Records from a dataset
────────────────────
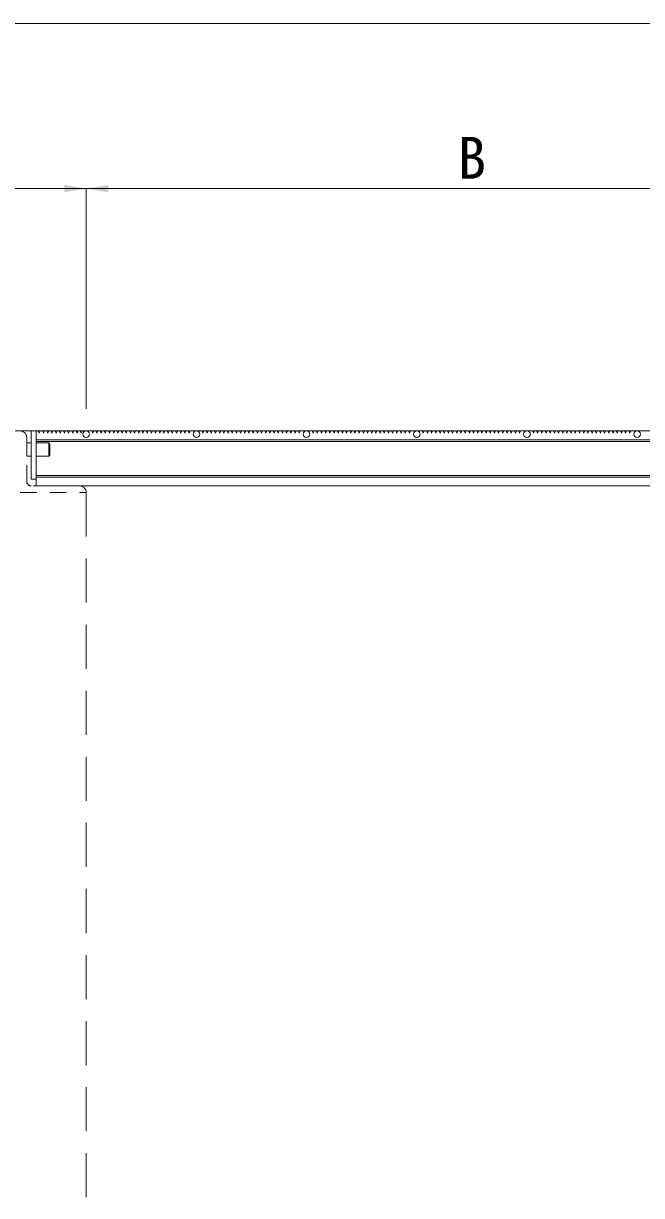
# Model space of a CAD drawing. Units: millimetres at full size; details may follow other scales. Extents: x 77366 to 106166, y -28085 to 6898.
# Drawn here: x 102984 to 103545, y -10466 to -9402 of the extents above; entities that cross this region are included whole.
import ezdxf
from ezdxf.enums import TextEntityAlignment as Align

# ---------------------------------------------------------------- set-up
doc = ezdxf.new("R2010")
doc.units = ezdxf.units.MM
doc.header["$LTSCALE"] = 50
doc.linetypes.add('USER1', pattern=[0.54, 0.3, -0.24])
doc.linetypes.add('USER2', pattern=[1.2, 0.8, -0.4])
for name, color, linetype, lineweight in [('受枠', 3, 'USER2', 9), ('寸法線', 7, 'Continuous', 13), ('本体', 2, 'Continuous', 20), ('ｸﾞﾚｰﾁﾝｸﾞ', 7, 'Continuous', 5)]:
    doc.layers.add(name, color=color, linetype=linetype, lineweight=lineweight)
doc.styles.add('ＭＳ ゴシック', font='')
doc.styles.get('ＭＳ ゴシック').set_extended_font_data('MS Gothic')

# ---------------------------------------------------------------- blocks, each defined once
blk = doc.blocks.new('filled_arrow')
at = {"color": 0, "linetype": 'Continuous', "lineweight": -2}
blk.add_solid([(7.5, 1.25), (0, 0), (7.5, -1.25)], dxfattribs=at)

msp = doc.modelspace()

# ---------------------------------------------------------------- linework, layer by layer
at = {"layer": '受枠', "linetype": 'USER1'}
for p, q in [((102986.8, -9817.94), (102986.8, -9777.94)), ((102986.8, -9794.94), (102986.8, -9782.94)), ((102986.8, -9782.94), (102990.8, -9782.94)), ((102990.8, -9794.94), (102990.8, -9782.94)), ((102995.3, -9794.94), (102995.3, -9782.94)), ((102995.3, -9782.94), (103006.8, -9782.94)), ((103006.8, -9794.94), (103006.8, -9782.94)), ((103007.8, -9783.94), (103006.8, -9782.94)), ((103007.8, -9793.94), (103007.8, -9783.94)), ((102986.8, -9794.94), (102990.8, -9794.94)), ((102995.3, -9794.94), (103006.8, -9794.94)), ((103006.8, -9794.94), (103007.8, -9793.94)), ((103034.8, -9821.94), (102990.8, -9821.94)), ((102980.8, -9827.94), (103040.8, -9827.94))]:
    msp.add_line(p, q, dxfattribs=at)
for centre, radius, start, end in [((102980.8, -9777.94), 6, 0, 90), ((102990.8, -9817.94), 4, 180, 270), ((103034.8, -9827.94), 6, 0, 90)]:
    msp.add_arc(centre, radius, start, end, dxfattribs=at)
at = {"layer": '寸法線'}
for p, q in [((102840.8, -9401.94), (103940.8, -9401.94)), ((102840.8, -9551.94), (103040.8, -9551.94)), ((103040.8, -9751.94), (103040.8, -9551.94)), ((103040.8, -9551.94), (103740.8, -9551.94)), ((103040.8, -9751.94), (103040.8, -9551.94))]:
    msp.add_line(p, q, dxfattribs=at)
at = {"layer": '本体'}
msp.add_line((102846.8, -9771.94), (103934.8, -9771.94), dxfattribs=at)
at = {"layer": '本体', "linetype": 'USER2', "lineweight": 9}
msp.add_line((103040.8, -9827.94), (103040.8, -10871.94), dxfattribs=at)
at = {"layer": 'ｸﾞﾚｰﾁﾝｸﾞ'}
for p, q in [((102990.8, -9771.94), (102995.3, -9771.94)), ((102990.8, -9771.94), (102990.8, -9815.94)), ((102995.3, -9771.94), (103786.3, -9771.94)), ((102995.3, -9771.94), (102995.3, -9821.94)), ((102995.3, -9771.94), (102997.3, -9771.94)), ((102995.3, -9771.94), (102995.3, -9815.94)), ((102995.3, -9779.94), (103786.3, -9779.94)), ((102995.3, -9781.44), (103786.3, -9781.44)), ((102997.3, -9771.94), (102998.2, -9774.04)), ((102998.2, -9774.04), (102999.1, -9771.94)), ((102999.1, -9771.94), (103001.1, -9771.94)), ((103001.1, -9771.94), (103002, -9774.04)), ((103002, -9774.04), (103002.9, -9771.94)), ((103002.9, -9771.94), (103004.9, -9771.94)), ((103004.9, -9771.94), (103005.8, -9774.04)), ((103005.8, -9774.04), (103006.7, -9771.94)), ((103006.7, -9771.94), (103008.7, -9771.94)), ((103008.7, -9771.94), (103009.6, -9774.04)), ((103009.6, -9774.04), (103010.5, -9771.94)), ((103010.5, -9771.94), (103012.5, -9771.94)), ((103012.5, -9771.94), (103013.4, -9774.04)), ((103013.4, -9774.04), (103014.3, -9771.94)), ((103014.3, -9771.94), (103016.3, -9771.94)), ((103016.3, -9771.94), (103017.2, -9774.04)), ((103017.2, -9774.04), (103018.1, -9771.94)), ((103018.1, -9771.94), (103020.1, -9771.94)), ((103020.1, -9771.94), (103021, -9774.04)), ((103021, -9774.04), (103021.9, -9771.94)), ((103021.9, -9771.94), (103023.9, -9771.94)), ((103023.9, -9771.94), (103024.8, -9774.04)), ((103024.8, -9774.04), (103025.7, -9771.94)), ((103025.7, -9771.94), (103027.7, -9771.94)), ((103027.7, -9771.94), (103028.6, -9774.04)), ((103028.6, -9774.04), (103029.5, -9771.94)), ((103029.5, -9771.94), (103031.5, -9771.94)), ((103031.5, -9771.94), (103032.4, -9774.04)), ((103032.4, -9774.04), (103033.3, -9771.94)), ((103033.3, -9771.94), (103035.3, -9771.94)), ((103035.3, -9771.94), (103036.2, -9774.04)), ((103036.2, -9774.04), (103037.1, -9771.94)), ((103043.8, -9771.94), (103045.8, -9771.94)), ((103045.8, -9771.94), (103046.7, -9774.04)), ((103046.7, -9774.04), (103047.6, -9771.94)), ((103047.6, -9771.94), (103049.6, -9771.94)), ((103049.6, -9771.94), (103050.5, -9774.04)), ((103050.5, -9774.04), (103051.4, -9771.94)), ((103051.4, -9771.94), (103053.4, -9771.94)), ((103053.4, -9771.94), (103054.3, -9774.04)), ((103054.3, -9774.04), (103055.2, -9771.94)), ((103055.2, -9771.94), (103057.2, -9771.94)), ((103057.2, -9771.94), (103058.1, -9774.04)), ((103058.1, -9774.04), (103059, -9771.94)), ((103059, -9771.94), (103061, -9771.94)), ((103061, -9771.94), (103061.9, -9774.04)), ((103061.9, -9774.04), (103062.8, -9771.94)), ((103062.8, -9771.94), (103064.8, -9771.94)), ((103064.8, -9771.94), (103065.7, -9774.04)), ((103065.7, -9774.04), (103066.6, -9771.94)), ((103066.6, -9771.94), (103068.6, -9771.94)), ((103068.6, -9771.94), (103069.5, -9774.04)), ((103069.5, -9774.04), (103070.4, -9771.94)), ((103070.4, -9771.94), (103072.4, -9771.94)), ((103072.4, -9771.94), (103073.3, -9774.04)), ((103073.3, -9774.04), (103074.2, -9771.94)), ((103074.2, -9771.94), (103076.2, -9771.94)), ((103076.2, -9771.94), (103077.1, -9774.04)), ((103077.1, -9774.04), (103078, -9771.94)), ((103078, -9771.94), (103080, -9771.94)), ((103080, -9771.94), (103080.9, -9774.04)), ((103080.9, -9774.04), (103081.8, -9771.94)), ((103081.8, -9771.94), (103083.8, -9771.94)), ((103083.8, -9771.94), (103084.7, -9774.04)), ((103084.7, -9774.04), (103085.6, -9771.94)), ((103085.6, -9771.94), (103087.6, -9771.94)), ((103087.6, -9771.94), (103088.5, -9774.04)), ((103088.5, -9774.04), (103089.4, -9771.94)), ((103089.4, -9771.94), (103091.4, -9771.94)), ((103091.4, -9771.94), (103092.3, -9774.04)), ((103092.3, -9774.04), (103093.2, -9771.94)), ((103093.2, -9771.94), (103095.2, -9771.94)), ((103095.2, -9771.94), (103096.1, -9774.04)), ((103096.1, -9774.04), (103097, -9771.94)), ((103097, -9771.94), (103099, -9771.94)), ((103099, -9771.94), (103099.9, -9774.04)), ((103099.9, -9774.04), (103100.8, -9771.94)), ((103100.8, -9771.94), (103102.8, -9771.94)), ((103102.8, -9771.94), (103103.7, -9774.04)), ((103103.7, -9774.04), (103104.6, -9771.94)), ((103104.6, -9771.94), (103106.6, -9771.94)), ((103106.6, -9771.94), (103107.5, -9774.04)), ((103107.5, -9774.04), (103108.4, -9771.94)), ((103108.4, -9771.94), (103110.4, -9771.94)), ((103110.4, -9771.94), (103111.3, -9774.04)), ((103111.3, -9774.04), (103112.2, -9771.94)), ((103112.2, -9771.94), (103114.2, -9771.94)), ((103114.2, -9771.94), (103115.1, -9774.04)), ((103115.1, -9774.04), (103116, -9771.94)), ((103116, -9771.94), (103118, -9771.94)), ((103118, -9771.94), (103118.9, -9774.04)), ((103118.9, -9774.04), (103119.8, -9771.94)), ((103119.8, -9771.94), (103121.8, -9771.94)), ((103121.8, -9771.94), (103122.7, -9774.04)), ((103122.7, -9774.04), (103123.6, -9771.94)), ((103123.6, -9771.94), (103125.6, -9771.94)), ((103125.6, -9771.94), (103126.5, -9774.04)), ((103126.5, -9774.04), (103127.4, -9771.94)), ((103127.4, -9771.94), (103129.4, -9771.94)), ((103129.4, -9771.94), (103130.3, -9774.04)), ((103130.3, -9774.04), (103131.2, -9771.94)), ((103131.2, -9771.94), (103133.2, -9771.94)), ((103133.2, -9771.94), (103134.1, -9774.04)), ((103134.1, -9774.04), (103135, -9771.94)), ((103135, -9771.94), (103137.8, -9771.94)), ((103143.8, -9771.94), (103145.8, -9771.94)), ((103145.8, -9771.94), (103146.7, -9774.04)), ((103146.7, -9774.04), (103147.6, -9771.94)), ((103147.6, -9771.94), (103149.6, -9771.94)), ((103149.6, -9771.94), (103150.5, -9774.04)), ((103150.5, -9774.04), (103151.4, -9771.94)), ((103151.4, -9771.94), (103153.4, -9771.94)), ((103153.4, -9771.94), (103154.3, -9774.04)), ((103154.3, -9774.04), (103155.2, -9771.94)), ((103155.2, -9771.94), (103157.2, -9771.94)), ((103157.2, -9771.94), (103158.1, -9774.04)), ((103158.1, -9774.04), (103159, -9771.94)), ((103159, -9771.94), (103161, -9771.94)), ((103161, -9771.94), (103161.9, -9774.04)), ((103161.9, -9774.04), (103162.8, -9771.94)), ((103162.8, -9771.94), (103164.8, -9771.94)), ((103164.8, -9771.94), (103165.7, -9774.04)), ((103165.7, -9774.04), (103166.6, -9771.94)), ((103166.6, -9771.94), (103168.6, -9771.94)), ((103168.6, -9771.94), (103169.5, -9774.04)), ((103169.5, -9774.04), (103170.4, -9771.94)), ((103170.4, -9771.94), (103172.4, -9771.94)), ((103172.4, -9771.94), (103173.3, -9774.04)), ((103173.3, -9774.04), (103174.2, -9771.94)), ((103174.2, -9771.94), (103176.2, -9771.94)), ((103176.2, -9771.94), (103177.1, -9774.04)), ((103177.1, -9774.04), (103178, -9771.94)), ((103178, -9771.94), (103180, -9771.94)), ((103180, -9771.94), (103180.9, -9774.04)), ((103180.9, -9774.04), (103181.8, -9771.94)), ((103181.8, -9771.94), (103183.8, -9771.94)), ((103183.8, -9771.94), (103184.7, -9774.04)), ((103184.7, -9774.04), (103185.6, -9771.94)), ((103185.6, -9771.94), (103187.6, -9771.94)), ((103187.6, -9771.94), (103188.5, -9774.04)), ((103188.5, -9774.04), (103189.4, -9771.94)), ((103189.4, -9771.94), (103191.4, -9771.94)), ((103191.4, -9771.94), (103192.3, -9774.04)), ((103192.3, -9774.04), (103193.2, -9771.94)), ((103193.2, -9771.94), (103195.2, -9771.94)), ((103195.2, -9771.94), (103196.1, -9774.04)), ((103196.1, -9774.04), (103197, -9771.94)), ((103197, -9771.94), (103199, -9771.94)), ((103199, -9771.94), (103199.9, -9774.04)), ((103199.9, -9774.04), (103200.8, -9771.94)), ((103200.8, -9771.94), (103202.8, -9771.94)), ((103202.8, -9771.94), (103203.7, -9774.04)), ((103203.7, -9774.04), (103204.6, -9771.94)), ((103204.6, -9771.94), (103206.6, -9771.94)), ((103206.6, -9771.94), (103207.5, -9774.04)), ((103207.5, -9774.04), (103208.4, -9771.94)), ((103208.4, -9771.94), (103210.4, -9771.94)), ((103210.4, -9771.94), (103211.3, -9774.04)), ((103211.3, -9774.04), (103212.2, -9771.94)), ((103212.2, -9771.94), (103214.2, -9771.94)), ((103214.2, -9771.94), (103215.1, -9774.04)), ((103215.1, -9774.04), (103216, -9771.94)), ((103216, -9771.94), (103218, -9771.94)), ((103218, -9771.94), (103218.9, -9774.04)), ((103218.9, -9774.04), (103219.8, -9771.94)), ((103219.8, -9771.94), (103221.8, -9771.94)), ((103221.8, -9771.94), (103222.7, -9774.04)), ((103222.7, -9774.04), (103223.6, -9771.94)), ((103223.6, -9771.94), (103225.6, -9771.94)), ((103225.6, -9771.94), (103226.5, -9774.04)), ((103226.5, -9774.04), (103227.4, -9771.94)), ((103227.4, -9771.94), (103229.4, -9771.94)), ((103229.4, -9771.94), (103230.3, -9774.04)), ((103230.3, -9774.04), (103231.2, -9771.94)), ((103231.2, -9771.94), (103233.2, -9771.94)), ((103233.2, -9771.94), (103234.1, -9774.04)), ((103234.1, -9774.04), (103235, -9771.94)), ((103235, -9771.94), (103237.8, -9771.94)), ((103243.8, -9771.94), (103245.8, -9771.94)), ((103245.8, -9771.94), (103246.7, -9774.04)), ((103246.7, -9774.04), (103247.6, -9771.94)), ((103247.6, -9771.94), (103249.6, -9771.94)), ((103249.6, -9771.94), (103250.5, -9774.04)), ((103250.5, -9774.04), (103251.4, -9771.94)), ((103251.4, -9771.94), (103253.4, -9771.94)), ((103253.4, -9771.94), (103254.3, -9774.04)), ((103254.3, -9774.04), (103255.2, -9771.94)), ((103255.2, -9771.94), (103257.2, -9771.94)), ((103257.2, -9771.94), (103258.1, -9774.04)), ((103258.1, -9774.04), (103259, -9771.94)), ((103259, -9771.94), (103261, -9771.94)), ((103261, -9771.94), (103261.9, -9774.04)), ((103261.9, -9774.04), (103262.8, -9771.94)), ((103262.8, -9771.94), (103264.8, -9771.94)), ((103264.8, -9771.94), (103265.7, -9774.04)), ((103265.7, -9774.04), (103266.6, -9771.94)), ((103266.6, -9771.94), (103268.6, -9771.94)), ((103268.6, -9771.94), (103269.5, -9774.04)), ((103269.5, -9774.04), (103270.4, -9771.94)), ((103270.4, -9771.94), (103272.4, -9771.94)), ((103272.4, -9771.94), (103273.3, -9774.04)), ((103273.3, -9774.04), (103274.2, -9771.94)), ((103274.2, -9771.94), (103276.2, -9771.94)), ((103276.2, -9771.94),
────────────────────
● **WHAT THE TASK REQUIRES**:
Would you filter the records and copy out each line containing "lineweight"?

● **ANSWER AREA**:
for name, color, linetype, lineweight in [('受枠', 3, 'USER2', 9), ('寸法線', 7, 'Continuous', 13), ('本体', 2, 'Continuous', 20), ('ｸﾞﾚｰﾁﾝｸﾞ', 7, 'Continuous', 5)]:
    doc.layers.add(name, color=color, linetype=linetype, lineweight=lineweight)
at = {"color": 0, "linetype": 'Continuous', "lineweight": -2}
at = {"layer": '本体', "linetype": 'USER2', "lineweight": 9}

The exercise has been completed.